Mi ser se había reactivado ante la deliciosa cena, cada uno de mis sentidos se encontraba alerta y mis músculos se tensaban. El latido de mi corazón, demasiado débil para cualquier ser humano, resonó en mis oídos y sonreí con satisfacción mientras dejaba a un lado el cuerpo inerte de la muchacha.
Era hermosa y pensé que me hubiera gustado disfrutarla un poco más antes de terminar con ella, pero aún no sabía controlar mi deseo insaciable ni cómo convertir a alguien para ser mi compañero. De todas formas era muy pronto para atarme a una chiquilla, no quería la responsabilidad que acarreaba el acto de conversión ni ser sire de nadie. Yo mismo todavía me encontraba en la etapa de aprendizaje y de experimentación ante estas nuevas sensaciones.
Abandoné el salón y me dirigí a la salida. Los que me vieron pasar me presentaron sus respetos, pero luego continuaron con la fiesta. Subí al caballo y me alejé al galope por el sendero rodeado de nieve. Pronto había a mi lado un lobo gris que me seguía con insistencia. Sonreí al notar que ya hacía una semana que el animal me acompañaba adonde fuera, al parecer el pacto había funcionado. El lobo gruñó y clavó sus ojos en los míos. Me mostró sus dientes en una clara señal de rebeldía, pero no me importó, todavía tenía tiempo para domesticarlo a mi antojo; la conexión todavía era muy débil y debía fortalecerla.
―¿Qué tal la fiesta, mi señor? ―preguntó uno de los sirvientes cuando me apeé de la montura y me dirigí a grandes zancadas hacia la puerta del castillo.
―Aburrida, como siempre ―respondí quitándome la capa y entregándosela. El criado titubeó unos segundos antes de hablar, sopesando cuán mala había sido la fiesta y si le convenía decir lo que tenía que decir―. Habla ―ordené con impaciencia.
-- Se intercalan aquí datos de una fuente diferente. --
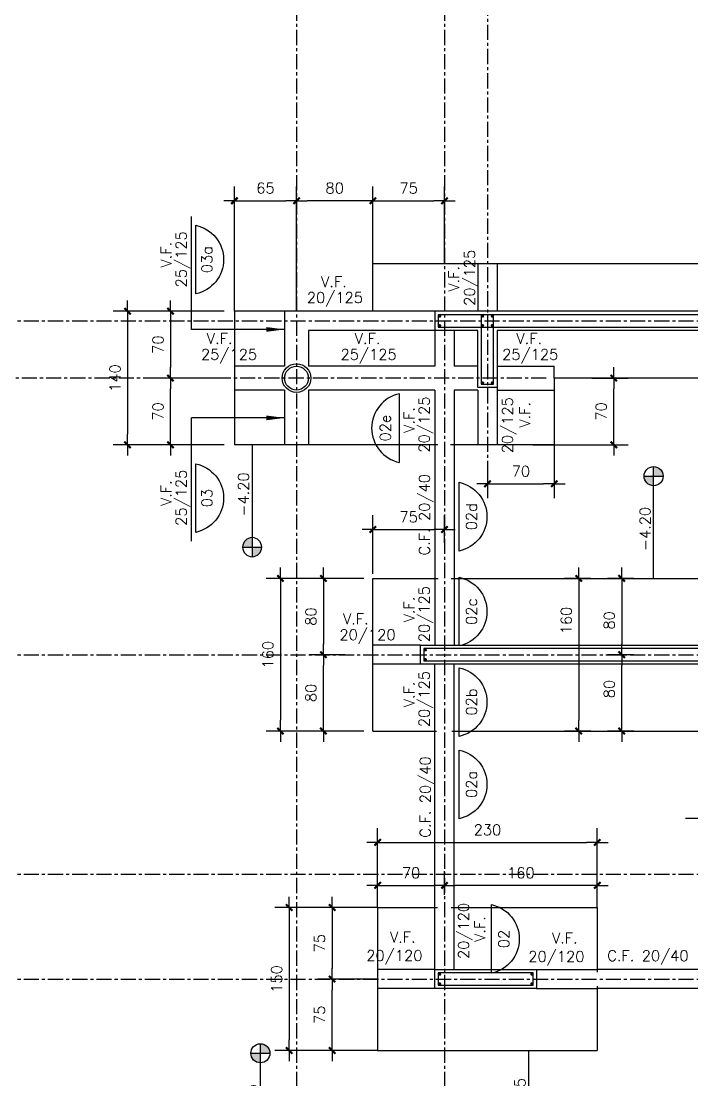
# Model space of a CAD drawing. Header units: millimetres. Extents: x -656655 to -651355, y 91699 to 96737.
# Drawn here: x -655953 to -655251, y 94932 to 96042 of the extents above; entities that cross this region are included whole.
import ezdxf
from ezdxf.enums import TextEntityAlignment as Align

# ---------------------------------------------------------------- set-up
doc = ezdxf.new("R2010")
doc.units = ezdxf.units.MM
doc.header["$LTSCALE"] = 0.5
doc.linetypes.add('CENTER', pattern=[50.8, 31.75, -6.35, 6.35, -6.35])
for name, color, linetype in [('COTAS', 2, 'Continuous'), ('EJES', 1, 'CENTER'), ('FUNDACIONES', 6, 'Continuous'), ('MALLA', 1, 'Continuous'), ('MUROS', 5, 'Continuous'), ('TEXTOS1', 9, 'Continuous'), ('VIGAS', 3, 'Continuous')]:
    doc.layers.add(name, color=color, linetype=linetype)
doc.styles.add('ROMANS', font='romans')
doc.dimstyles.new('ING-50', dxfattribs={"dimscale": 5, "dimtxt": 2.25, "dimasz": 2.25, "dimexe": 3, "dimexo": 0, "dimgap": 1.5, "dimtad": 1, "dimdec": 1, "dimzin": 12, "dimdsep": 46, "dimtxsty": 'ROMANS', "dimblk1": 'TICK1', "dimblk2": 'TICK1', "dimsah": 1, "dimcen": 0.09, "dimclrd": 2, "dimclre": 1, "dimclrt": 3, "dimadec": 1, "dimazin": 3, "dimtfac": 1, "dimtdec": 1, "dimtix": 1, "dimtmove": 2, "dimatfit": 3, "dimfxl": 3, "dimtolj": 1, "dimtzin": 12, "dimarcsym": 0})

# ---------------------------------------------------------------- blocks, each defined once
blk = doc.blocks.new('TICK1')
at = {"color": 2}
for points in [[(0, 0), (-1, 0)], [(0, 0), (1, 0)]]:
    blk.add_lwpolyline(points, dxfattribs=at)
at = {"color": 2, "const_width": 0.2}
blk.add_lwpolyline([(-0.3, -0.3), (0.3, 0.3)], dxfattribs=at)
blk = doc.blocks.new('*D242')
at = {"layer": 'COTAS', "color": 1, "lineweight": -2, "ltscale": 0.5}
for p, q in [((-655579.7, 95112.5), (-655579.7, 95195.7)), ((-655349.7, 95112.5), (-655349.7, 95195.7))]:
    blk.add_line(p, q, dxfattribs=at)
at = {"layer": 'COTAS', "color": 2, "lineweight": -2, "ltscale": 0.5}
blk.add_line((-655568.5, 95180.7), (-655361, 95180.7), dxfattribs=at)
at = {"layer": 'Defpoints', "color": 0, "ltscale": 0.5}
for p in [(-655349.7, 95180.7), (-655579.7, 95112.5), (-655349.7, 95112.5)]:
    blk.add_point(p, dxfattribs=at)
at = {"layer": 'COTAS', "color": 2, "lineweight": -2, "ltscale": 0.5, "xscale": 11.25, "yscale": 11.25, "zscale": 11.25, "rotation": 180}
blk.add_blockref('TICK1', (-655579.7, 95180.7), dxfattribs=at)
at = {"layer": 'COTAS', "color": 2, "lineweight": -2, "ltscale": 0.5, "xscale": 11.25, "yscale": 11.25, "zscale": 11.25}
blk.add_blockref('TICK1', (-655349.7, 95180.7), dxfattribs=at)
at = {"layer": 'COTAS', "color": 3, "ltscale": 0.5, "insert": (-655464.7, 95193.8), "char_height": 11.25, "attachment_point": 5, "style": 'ROMANS'}
blk.add_mtext('\\A1;230', dxfattribs=at)
blk = doc.blocks.new('*D243')
at = {"layer": 'COTAS', "color": 1, "lineweight": -2, "ltscale": 0.5}
for p, q in [((-655579.7, 95112.5), (-655579.7, 95150.7)), ((-655509.7, 95125.7), (-655509.7, 95150.7))]:
    blk.add_line(p, q, dxfattribs=at)
at = {"layer": 'COTAS', "color": 2, "lineweight": -2, "ltscale": 0.5}
blk.add_line((-655568.5, 95135.7), (-655521, 95135.7), dxfattribs=at)
at = {"layer": 'Defpoints', "color": 0, "ltscale": 0.5}
for p in [(-655509.7, 95135.7), (-655509.7, 95125.7), (-655579.7, 95112.5)]:
    blk.add_point(p, dxfattribs=at)
at = {"layer": 'COTAS', "color": 2, "lineweight": -2, "ltscale": 0.5, "xscale": 11.25, "yscale": 11.25, "zscale": 11.25, "rotation": 180}
blk.add_blockref('TICK1', (-655579.7, 95135.7), dxfattribs=at)
at = {"layer": 'COTAS', "color": 2, "lineweight": -2, "ltscale": 0.5, "xscale": 11.25, "yscale": 11.25, "zscale": 11.25}
blk.add_blockref('TICK1', (-655509.7, 95135.7), dxfattribs=at)
at = {"layer": 'COTAS', "color": 3, "ltscale": 0.5, "insert": (-655544.7, 95148.8), "char_height": 11.25, "attachment_point": 5, "style": 'ROMANS'}
blk.add_mtext('\\A1;70', dxfattribs=at)
blk = doc.blocks.new('*D102')
at = {"layer": 'COTAS', "color": 1, "lineweight": -2, "ltscale": 0.5}
for p, q in [((-655509.7, 95125.7), (-655509.7, 95150.7)), ((-655349.7, 95112.5), (-655349.7, 95150.7))]:
    blk.add_line(p, q, dxfattribs=at)
at = {"layer": 'COTAS', "color": 2, "lineweight": -2, "ltscale": 0.5}
blk.add_line((-655361, 95135.7), (-655498.5, 95135.7), dxfattribs=at)
at = {"layer": 'Defpoints', "color": 0, "ltscale": 0.5}
for p in [(-655509.7, 95135.7), (-655509.7, 95125.7), (-655349.7, 95112.5)]:
    blk.add_point(p, dxfattribs=at)
at = {"layer": 'COTAS', "color": 2, "lineweight": -2, "ltscale": 0.5, "xscale": 11.25, "yscale": 11.25, "zscale": 11.25, "rotation": 180}
blk.add_blockref('TICK1', (-655509.7, 95135.7), dxfattribs=at)
at = {"layer": 'COTAS', "color": 2, "lineweight": -2, "ltscale": 0.5, "xscale": 11.25, "yscale": 11.25, "zscale": 11.25}
blk.add_blockref('TICK1', (-655349.7, 95135.7), dxfattribs=at)
at = {"layer": 'COTAS', "color": 3, "ltscale": 0.5, "insert": (-655429.7, 95148.8), "char_height": 11.25, "attachment_point": 5, "style": 'ROMANS'}
blk.add_mtext('\\A1;160', dxfattribs=at)
blk = doc.blocks.new('*D244')
at = {"layer": 'COTAS', "color": 1, "lineweight": -2, "ltscale": 0.5}
for p, q in [((-655579.7, 95037.5), (-655642.4, 95037.5)), ((-655579.7, 94962.5), (-655642.4, 94962.5))]:
    blk.add_line(p, q, dxfattribs=at)
at = {"layer": 'COTAS', "color": 2, "lineweight": -2, "ltscale": 0.5}
blk.add_line((-655627.4, 94973.7), (-655627.4, 95026.2), dxfattribs=at)
at = {"layer": 'Defpoints', "color": 0, "ltscale": 0.5}
for p in [(-655627.4, 95037.5), (-655579.7, 95037.5), (-655579.7, 94962.5)]:
    blk.add_point(p, dxfattribs=at)
at = {"layer": 'COTAS', "color": 2, "lineweight": -2, "ltscale": 0.5, "xscale": 11.25, "yscale": 11.25, "zscale": 11.25}
for p, rotation in [((-655627.4, 95037.5), 90), ((-655627.4, 94962.5), 270)]:
    blk.add_blockref('TICK1', p, dxfattribs=dict(at, rotation=rotation))
at = {"layer": 'COTAS', "color": 3, "ltscale": 0.5, "insert": (-655640.5, 95000), "char_height": 11.25, "attachment_point": 5, "rotation": 90, "style": 'ROMANS'}
blk.add_mtext('\\A1;75', dxfattribs=at)
blk = doc.blocks.new('*D103')
at = {"layer": 'COTAS', "color": 1, "lineweight": -2, "ltscale": 0.5}
for p, q in [((-655579.7, 95112.5), (-655642.4, 95112.5)), ((-655579.7, 95037.5), (-655642.4, 95037.5))]:
    blk.add_line(p, q, dxfattribs=at)
at = {"layer": 'COTAS', "color": 2, "lineweight": -2, "ltscale": 0.5}
blk.add_line((-655627.4, 95101.2), (-655627.4, 95048.7), dxfattribs=at)
at = {"layer": 'Defpoints', "color": 0, "ltscale": 0.5}
for p in [(-655579.7, 95112.5), (-655627.4, 95037.5), (-655579.7, 95037.5)]:
    blk.add_point(p, dxfattribs=at)
at = {"layer": 'COTAS', "color": 2, "lineweight": -2, "ltscale": 0.5, "xscale": 11.25, "yscale": 11.25, "zscale": 11.25}
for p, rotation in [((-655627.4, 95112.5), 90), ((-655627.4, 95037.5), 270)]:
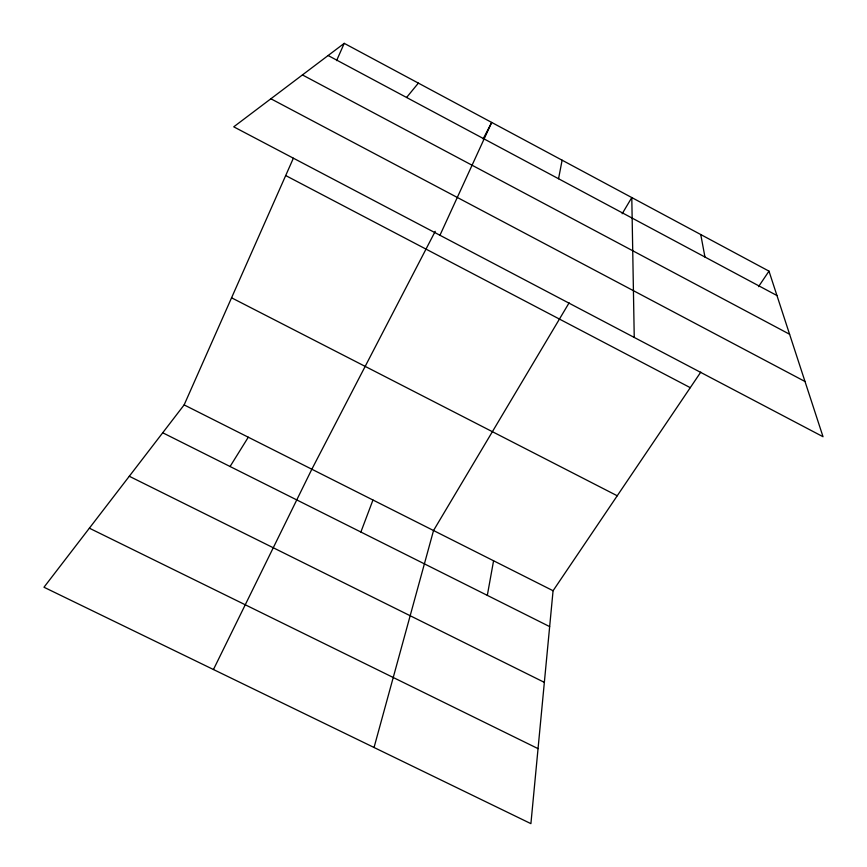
<?xml version="1.0" encoding="UTF-8"?>
<svg xmlns="http://www.w3.org/2000/svg" width="867" height="867" viewBox="0 0 867 867"><rect width="100%" height="100%" fill="white"/><g stroke="black" fill="none" stroke-linecap="round" stroke-linejoin="round"><path stroke-width="1.3" d="M700.796 372.095L553.07 590.741L530.907 823.65L43.979 587.241L184.14 404.9L293.36 158.238M487.319 595.369L493.572 560.776M558.554 178.743L562.109 160.2M374.045 747.484L433.533 530.528L569.11 302.843M360.878 532.035L372.962 500.021M336.58 60.636L344.232 43.35L768.996 271.143L823.021 436.719L233.743 126.831L344.232 43.35M439.948 235.271L491.697 122.431L483.114 138.991M213.455 669.519L311.838 469.231L435.223 231.337M622.17 213.737L631.794 197.568L634.243 337.447M230.069 466.511L248.287 437.217M758.527 286.652L768.996 271.143M406.58 97.472L418.371 83.113M89.377 528.187L538.049 748.644M129.291 476.265L544.357 682.372M162.725 432.774L549.656 626.603M184.14 404.9L553.07 590.741M231.565 297.804L617.239 495.772M285.698 175.546L690.273 387.668M270.883 98.773L805.009 381.502M302.442 74.93L789.588 334.25M328.127 55.521L776.962 295.539M700.753 234.545L704.958 257.033"/></g></svg>

―El voivoda Barthory lo espera en la sala oeste, mi señor ―musitó con la mirada baja. Asentí en silencio y el hombre se apresuró a alejarse de mí.
Esperaba esa visita, sabía que tarde o temprano llegaría y no temía hacerle frente. Ahora yo también era uno de ellos y podía medirme con sus mismas armas.
―Barthory ―le saludé al entrar a la estancia, me coloqué frente a él y le estreché la mano.
―Príncipe Vlad. Imagino que sabes qué es lo que me trae por aquí.
―Tengo una vaga idea. ―Atrapé su mirada con la mía.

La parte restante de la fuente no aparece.